▶ **Task to carry out**
Nothing but the lines from the start of the entries below through the line containing "Volume: 799.011 cm^3" should appear in the answer, copied exactly and free of pictures.

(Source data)
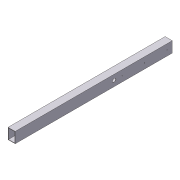
# Autodesk Inventor part: GE-12019-02
Saved by Autodesk Inventor 2012 (Build 160160000, 160)
## iProperties
Created: 2011-06-10
Part Number: GE-12019-02
Document SubType Name: Modeling
Designer: dfoster
Density: 2.71 g/cm^3
Material: Aluminum-6061
Mass: 2165.32 g
Surface Area: 5047.94 cm^2
Volume: 799.011 cm^3
Description: Tube, Cross Brace
Title: Tube, Cross Brace
Author: dfoster
Autodesk Inventor part; units mm, degrees
ref_plane "YZ Plane" through (0, 0, 0) normal (1, 0, 0) x (0, 1, 0)
ref_plane "XZ Plane" through (0, 0, 0) normal (0, 1, 0) x (-1, 0, 0)
ref_plane "XY Plane" through (0, 0, 0) normal (0, 0, 1) x (1, 0, 0)
sketch "Sketch1" plane through (0, 0, 0) normal (0, 0, 1) x (1, 0, 0)
  line L0 (0, 0) -> (50.8, 0)
  line L1 (50.8, 0) -> (50.8, 76.2)
  line L2 (50.8, 76.2) -> (0, 76.2)
  line L3 (0, 76.2) -> (0, 0)
  line L4 (3.175, 73.025) -> (47.625, 73.025)
  line L5 (47.625, 73.025) -> (47.625, 3.175)
  line L6 (47.625, 3.175) -> (3.175, 3.175)
  line L7 (3.175, 3.175) -> (3.175, 73.025)
  dimension "d13" = 3.175
  dimension "d14" = 50.8
  dimension "d15" = 76.2
  dimension "d37" = 3.175
  dimension "d38" = 3.175
  dimension "d39" = 3.175
  constraints: 16 end point, 4 parallel, 2 perpendicular, 1 horizontal
  measures "d13" distance between parallel lines of L4 L2
  measures "d14" distance between parallel lines of L1 L3
  measures "d15" distance between parallel lines of L0 L2
  measures "d37" distance between parallel lines of L7 L3
  measures "d38" distance between parallel lines of L1 L5
  measures "d39" distance between parallel lines of L6 L0
extrude "Extrusion1" add sketch "Sketch1" along normal blind 1117.6
hole "Hole1" at (50.8, 38.1, 412.75) direction (-1, 0, 0) diameter 25.4 end through all
hole "Hole2" at (50.8, 38.1, 38.1) direction (-1, 0, 0) diameter 4.7752 end through all
pattern_linear "Rectangular Pattern1" count 3 spacing 158.75 along (0, 0, 1) of "Hole2"
equation "\"d37\" = d13"
equation "\"d38\" = d13"
equation "\"d39\" = d13"
body "Solid1"
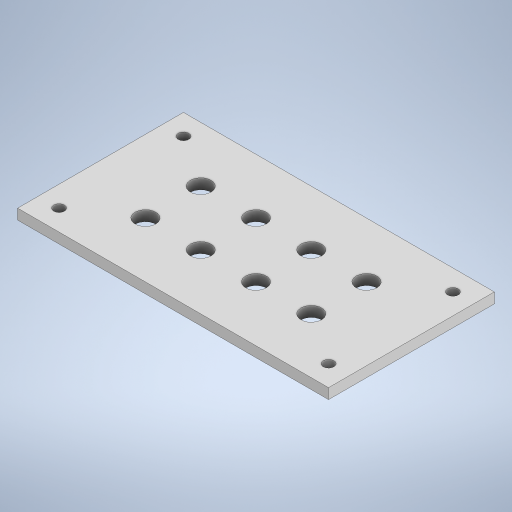
# Autodesk Inventor part: SequenceMachine_VialPlate
Saved by Autodesk Inventor 2023 (Build 270158000, 158)
## iProperties
Created: 2022-07-18
Part Number: SequenceMachine_VialPlate
Material: Generic
Document SubType Name: Modeling
Designer: devon
Density: 1 g/cm^3
Appearance: Default
Author: devon
Autodesk Inventor part; units mm, degrees
ref_plane "YZ Plane" through (0, 0, 0) normal (1, 0, 0) x (0, 1, 0)
ref_plane "XZ Plane" through (0, 0, 0) normal (0, 1, 0) x (-1, 0, 0)
ref_plane "XY Plane" through (0, 0, 0) normal (0, 0, 1) x (1, 0, 0)
sketch "Sketch1" plane through (0, 0, 0) normal (0, 1, 0) x (-1, 0, 0)
  circle A0 centre (0, 0) radius 6.35
  line L0 (0, 0) -> (0, 25.4) construction
  line L1 (0, 0) -> (-101.6, 0) construction
  line L2 (44.45, -33.8667) -> (-146.05, -33.8667)
  line L3 (-146.05, -33.8667) -> (-146.05, 67.7333)
  line L4 (-146.05, 67.7333) -> (44.45, 67.7333)
  line L5 (44.45, 67.7333) -> (44.45, -33.8667)
  circle A1 centre (31.75, -21.1667) radius 3.302
  circle A2 centre (-133.35, -21.1667) radius 3.302
  circle A3 centre (-133.35, 55.0333) radius 3.302
  circle A4 centre (31.75, 55.0333) radius 3.302
  circle A5 centre (-33.8667, 0) radius 6.35
  circle A6 centre (-67.7333, 0) radius 6.35
  circle A7 centre (-101.6, 0) radius 6.35
  circle A8 centre (0, 33.8667) radius 6.35
  circle A9 centre (-33.8667, 33.8667) radius 6.35
  circle A10 centre (-67.7333, 33.8667) radius 6.35
  circle A11 centre (-101.6, 33.8667) radius 6.35
  dimension "d0" = 12.7
  dimension "d15" = 6.604
  dimension "d16" = 12.7
  dimension "d17" = 12.7
  dimension "d18" = 6.604
  dimension "d19" = 12.7
  dimension "d20" = 6.604
  dimension "d21" = 12.7
  dimension "d22" = 6.604
  dimension "d25" = 101.6
  dimension "d26" = 33.8667
  dimension "d27" = 12.7
  dimension "d28" = 12.7
  dimension "d29" = 12.7
  dimension "d30" = 44.45
  dimension "d31" = 190.5
  dimension "d34" = 33.8667
  dimension "d37" = 33.8667
  constraints: 12 centre point, 12 end point, 2 horizontal, 2 parallel, 2 vertical, 1 coincident, 1 perpendicular, 14 other
  measures "d0" diameter of A0
  measures "d15" diameter of A1
  measures "d16" distance from line of L2 A1.centre
  measures "d17" distance from line of L5 A1.centre
  measures "d18" diameter of A2
  measures "d19" distance from line of L3 A2.centre
  measures "d20" diameter of A3
  measures "d21" distance from line of L4 A3.centre
  measures "d22" diameter of A4
  measures "d25" distance of L2.end L3.end
  measures "d26" distance from line of L2 point (0, 0)
  measures "d27" distance from line of L4 A4.centre
  measures "d28" distance from line of L5 A4.centre
  measures "d29" distance from line of L2 A2.centre
  measures "d30" distance from line of L5 point (0, 0)
  measures "d31" distance of L2.start L2.end
  measures "d34" distance of L0.start A5.centre
  measures "d37" distance of L0.start A8.centre
extrude "Extrusion2" add sketch "Sketch1" along normal blind 6.35
equation "\"d26\" = 0.333333 * d25"
equation "\"d37\" = 0.333333 * d25"
body "Solid2"

▶ **Response**
# Autodesk Inventor part: GE-12019-02
Saved by Autodesk Inventor 2012 (Build 160160000, 160)
## iProperties
Created: 2011-06-10
Part Number: GE-12019-02
Document SubType Name: Modeling
Designer: dfoster
Density: 2.71 g/cm^3
Material: Aluminum-6061
Mass: 2165.32 g
Surface Area: 5047.94 cm^2
Volume: 799.011 cm^3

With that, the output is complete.